The emphasis on keeping infection rates and deaths low and protect health care systems ignored multiple other issues. It had negative social, economic, educational, political, and environmental consequences which will remain with us for a long time because we didn’t think things through properly at the time.

We didn’t consider the complexity of the issues we were dealing with and acted as if it was a simple problem with simple solutions, there was a massive breakdown of communication and dialogue, of considering multiple viewpoints, cooperation, and sense-making, and learning our way out of the problem. There is a difference between being ignorant and stupid; you are ignorant if you lack intellectual ability and you can’t do anything about it, you are stupid if you have the intellectual ability but hang on to impractical or useless viewpoints and refuse to change them.  

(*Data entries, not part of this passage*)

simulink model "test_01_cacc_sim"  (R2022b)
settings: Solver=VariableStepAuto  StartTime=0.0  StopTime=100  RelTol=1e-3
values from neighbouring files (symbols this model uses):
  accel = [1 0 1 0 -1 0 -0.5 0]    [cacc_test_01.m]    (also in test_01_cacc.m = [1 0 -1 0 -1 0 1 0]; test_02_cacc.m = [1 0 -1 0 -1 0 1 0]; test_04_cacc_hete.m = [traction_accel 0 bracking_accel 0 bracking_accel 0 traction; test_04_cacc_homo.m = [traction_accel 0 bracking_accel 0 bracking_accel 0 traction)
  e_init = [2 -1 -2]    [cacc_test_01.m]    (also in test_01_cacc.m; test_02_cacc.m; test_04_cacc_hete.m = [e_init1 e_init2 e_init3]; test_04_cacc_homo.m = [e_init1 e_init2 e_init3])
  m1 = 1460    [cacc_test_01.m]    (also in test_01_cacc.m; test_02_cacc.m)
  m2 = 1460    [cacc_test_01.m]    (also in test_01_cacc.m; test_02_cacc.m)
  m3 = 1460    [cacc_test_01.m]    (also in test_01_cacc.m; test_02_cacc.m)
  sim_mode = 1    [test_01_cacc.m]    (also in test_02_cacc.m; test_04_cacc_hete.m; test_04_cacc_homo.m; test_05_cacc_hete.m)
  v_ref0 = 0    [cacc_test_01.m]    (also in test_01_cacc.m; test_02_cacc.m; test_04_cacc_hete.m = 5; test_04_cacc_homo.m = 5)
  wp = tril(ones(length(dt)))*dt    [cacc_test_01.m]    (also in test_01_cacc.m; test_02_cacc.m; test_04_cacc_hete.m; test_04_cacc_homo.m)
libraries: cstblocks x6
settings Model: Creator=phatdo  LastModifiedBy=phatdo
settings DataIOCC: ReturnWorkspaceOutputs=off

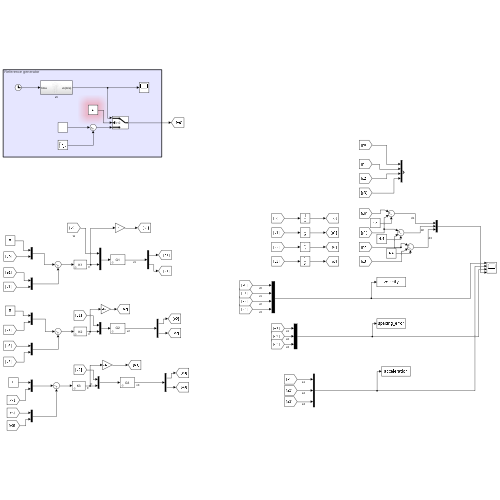
[thumbnail: Simulink's stored preview of the top-level diagram]
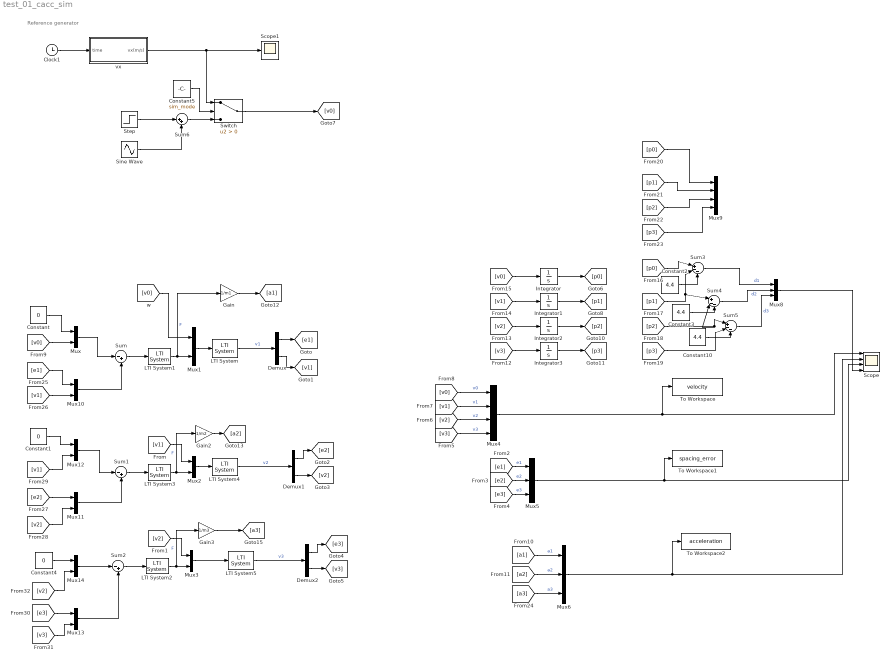
== system test_01_cacc_sim ==
  note: Reference generator
  Clock1 : Clock
  Constant : Constant  Value=0
  Constant1 : Constant  Value=0
  Constant10 : Constant  Value=4.4
  Constant2 : Constant  Value=4.4
  Constant3 : Constant  Value=4.4
  Constant4 : Constant  Value=0
  Constant5 : Constant  Value=sim_mode
  Demux : Demux  Outputs=2
  Demux1 : Demux  Outputs=2
  Demux2 : Demux  Outputs=2
  Gain : Gain  Gain=1/m1
  Gain2 : Gain  Gain=1/m2
  Gain3 : Gain  Gain=1/m3
  Integrator : Integrator
  Integrator1 : Integrator  InitialCondition=-e_init(1)
  Integrator2 : Integrator  InitialCondition=-e_init(2)-e_init(1)
  Integrator3 : Integrator  InitialCondition=-e_init(2)-e_init(1)-e_init(3)
  LTI System : cstblocks/LTI System  sys=G1  IC=[e_init(1) 0]
  LTI System1 : cstblocks/LTI System  sys=K1  IC=[]
  LTI System2 : cstblocks/LTI System  sys=K3  IC=[]
  LTI System3 : cstblocks/LTI System  sys=K2  IC=[]
  LTI System4 : cstblocks/LTI System  sys=G2  IC=[e_init(2) 0]
  LTI System5 : cstblocks/LTI System  sys=G3  IC=[e_init(3) 0]
  Mux{,1..3,10..14} (9 alike) : Mux  Inputs=2
  Mux4 : Mux
  Mux5 : Mux  Inputs=3
  Mux6 : Mux  Inputs=3
  Mux8 : Mux  Inputs=3
  Mux9 : Mux
  Scope : Scope  NumInputPorts=4
  Scope1 : Scope
  Sine Wave : Sin  Amplitude=5  Frequency=0.5  SampleTime=0
  Step : Step  Time=0  After=15  SampleTime=0
  Sum : Sum  Inputs=|-+
  Sum1 : Sum  Inputs=|-+
  Sum2 : Sum  Inputs=|-+
  Sum3 : Sum  Inputs=|+--
  Sum4 : Sum  Inputs=|+--
  Sum5 : Sum  Inputs=|+--
  Sum6 : Sum  Inputs=|++
  Switch : Switch  Criteria=u2 > Threshold  SaturateOnIntegerOverflow=off  InputSameDT=off
  To Workspace : ToWorkspace  VariableName=velocity  SaveFormat=Timeseries  SampleTime=-1
  To Workspace1 : ToWorkspace  VariableName=spacing_error  SaveFormat=Timeseries  SampleTime=-1
  To Workspace2 : ToWorkspace  VariableName=acceleration  SaveFormat=Timeseries  SampleTime=-1
  vx : Subsystem
  wires:
  Sum/1 -> LTI System1/1
  Sum1/1 -> LTI System3/1
  Sum2/1 -> LTI System2/1
  LTI System4/1 -> Demux1/1  "v2"
  LTI System5/1 -> Demux2/1  "v3"
  Mux1/1 -> LTI System/1
  LTI System1/1 -> Mux1/2, Gain/1  "F"
  Mux2/1 -> LTI System4/1
  Mux3/1 -> LTI System5/1
  LTI System3/1 -> Mux2/2, Gain2/1  "F"
  LTI System/1 -> Demux/1  "v1"
  Constant/1 -> Mux/1
  Mux4/1 -> To Workspace/1, Scope/1
  Demux/1 -> [e1]
  Demux/2 -> [v1]
  [v1] -> Mux2/1
  Demux1/1 -> [e2]
  Demux1/2 -> [v2]
  Demux2/1 -> [e3]
  Demux2/2 -> [v3]
  [v2] -> Mux3/1
  [v0] -> Mux4/1  "v0"
  [v1] -> Mux4/2  "v1"
  [v2] -> Mux4/3  "v2"
  [v3] -> Mux4/4  "v3"
  Mux5/1 -> Scope/3, To Workspace1/1
  [e1] -> Mux5/1  "e1"
  [e2] -> Mux5/2  "e2"
  [e3] -> Mux5/3  "e3"
  [v0] -> Mux1/1
  [v0] -> Mux/2
  [v0] -> Integrator/1
  [v1] -> Integrator1/1
  [v2] -> Integrator2/1
  [v3] -> Integrator3/1
  Integrator/1 -> [p0]
  Integrator1/1 -> [p1]
  Integrator2/1 -> [p2]
  Integrator3/1 -> [p3]
  [p0] -> Sum3/1
  [p1] -> Sum4/1, Sum3/2
  [p2] -> Sum5/1, Sum4/2
  [p3] -> Sum5/2
  Sum3/1 -> Mux8/1  "d1"
  Sum4/1 -> Mux8/2  "d2"
  Sum5/1 -> Mux8/3  "d3"
  Mux8/1 -> Scope/4
  [p0] -> Mux9/1
  [p1] -> Mux9/2
  [p2] -> Mux9/3
  [p3] -> Mux9/4
  Constant2/1 -> Sum3/3
  Constant3/1 -> Sum4/3
  Constant10/1 -> Sum5/3
  Gain/1 -> [a1]
  Gain2/1 -> [a2]
  Gain3/1 -> [a3]
  LTI System2/1 -> Gain3/1, Mux3/2  "F"
  [a1] -> Mux6/1  "a1"
  [a2] -> Mux6/2  "a2"
  [a3] -> Mux6/3  "a3"
  Mux6/1 -> To Workspace2/1, Scope/2
  Clock1/1 -> vx/1(time)
  vx/1(vx(m/s)) -> Scope1/1, Switch/1
  [e1] -> Mux10/1
  [v1] -> Mux10/2
  Mux10/1 -> Sum/2
  Mux/1 -> Sum/1
  Constant1/1 -> Mux12/1
  Mux12/1 -> Sum1/1
  [v1] -> Mux12/2
  [e2] -> Mux11/1
  [v2] -> Mux11/2
  Mux11/1 -> Sum1/2
  [e3] -> Mux13/1
  [v3] -> Mux13/2
  Mux13/1 -> Sum2/2
  Constant4/1 -> Mux14/1
  Mux14/1 -> Sum2/1
  [v2] -> Mux14/2
  Step/1 -> Sum6/1
  Sine Wave/1 -> Sum6/2
  Constant5/1 -> Switch/2
  Switch/1 -> [v0]
  Sum6/1 -> Switch/3

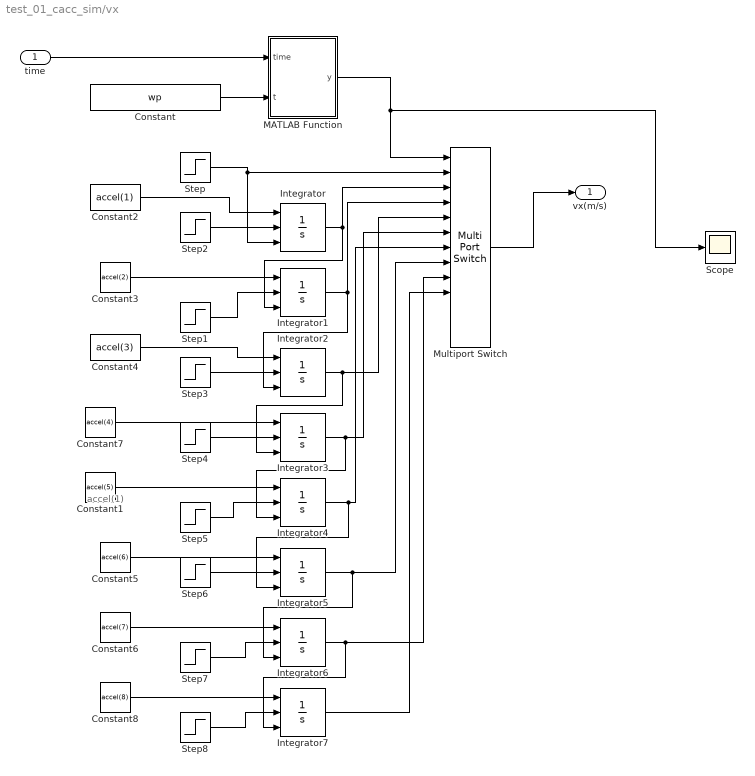
== system test_01_cacc_sim/vx ==
  note: accel(1)
  time : Inport  SampleTime=0.08
  Constant : Constant  Value=wp
  Constant1 : Constant  Value=accel(5)
  Constant2 : Constant  Value=accel(1)
  Constant3 : Constant  Value=accel(2)
  Constant4 : Constant  Value=accel(3)
  Constant5 : Constant  Value=accel(6)
  Constant6 : Constant  Value=accel(7)
  Constant7 : Constant  Value=accel(4)
  Constant8 : Constant  Value=accel(8)
  Integrator{,1..7} (8 alike) : Integrator  ExternalReset=rising  InitialConditionSource=external
  MATLAB Function : MATLAB Function  TreatAsAtomicUnit=on
  Multiport Switch : MultiPortSwitch  Inputs=12  SaturateOnIntegerOverflow=off  InputSameDT=off
  Scope : Scope
  Step : Step  Time=0  Before=v_ref0  After=v_ref0  SampleTime=0
  Step1 : Step  Time=wp(2)  SampleTime=0
  Step2 : Step  Time=wp(1)  SampleTime=0
  Step3 : Step  Time=wp(3)  SampleTime=0
  Step4 : Step  Time=wp(4)  SampleTime=0
  Step5 : Step  Time=wp(5)  SampleTime=0
  Step6 : Step  Time=wp(6)  SampleTime=0
  Step7 : Step  Time=wp(7)  SampleTime=0
  Step8 : Step  Time=wp(8)  SampleTime=0
  vx(m/s) : Outport
  wires:
  Step/1 -> Integrator/3, Multiport Switch/2
  Constant/1 -> MATLAB Function/2(t)
  Constant2/1 -> Integrator/1
  Multiport Switch/1 -> vx(m/s)/1
  Integrator/1 -> Integrator1/3, Multiport Switch/3
  Step2/1 -> Integrator/2
  Constant3/1 -> Integrator1/1
  Integrator1/1 -> Integrator2/3, Multiport Switch/4
  Step1/1 -> Integrator1/2
  time/1 -> MATLAB Function/1(time)
  Step3/1 -> Integrator2/2
  Constant4/1 -> Integrator2/1
  Integrator2/1 -> Integrator3/3, Multiport Switch/5
  Integrator3/1 -> Integrator4/3, Multiport Switch/6
  Step4/1 -> Integrator3/2
  Constant7/1 -> Integrator3/1
  MATLAB Function/1(y) -> Scope/1, Multiport Switch/1
  Integrator4/1 -> Integrator5/3, Multiport Switch/7
  Step5/1 -> Integrator4/2
  Step6/1 -> Integrator5/2
  Constant1/1 -> Integrator4/1
  Constant5/1 -> Integrator5/1
  Integrator5/1 -> Integrator6/3, Multiport Switch/8
  Step7/1 -> Integrator6/2
  Constant6/1 -> Integrator6/1
  Constant8/1 -> Integrator7/1
  Step8/1 -> Integrator7/2
  Integrator6/1 -> Integrator7/3, Multiport Switch/9
  Integrator7/1 -> Multiport Switch/10

== matlab function test_01_cacc_sim/vx/MATLAB Function ==
  data: time input; t input; y output
function y = fcn(time,t)
t1 = t(1);
t2 = t(2);
t3 = t(3);
t4 = t(4);
t5 = t(5);
t6 = t(6);
t7 = t(7);
t8 = t(8);

if time<=t1
    y = 1;
elseif time>t1 && time <= t2
    y = 2;
elseif time>t2 && time <= t3
    y = 3;
elseif time>t3 && time <= t4
    y = 4;
elseif time>t4 && time <= t5
    y = 5;
elseif time>t5 && time <= t6
    y = 6;
elseif time>t6 && time <= t7
    y = 7;
elseif time>t7 && time <= t8
    y = 8;
else 
    y = 9;
end

The only way out of a complex mess like this is cooperation, the opposite of what we did. Federal systems like Germany, Switzerland, and Australia responded collectively, in Canada everyone did their own thing based on political opportunism. Our scientists, epidemiologists, and policy makers should have done the same thing and shared their knowledge and perspectives, but they didn’t. Instead, we acted stupidly.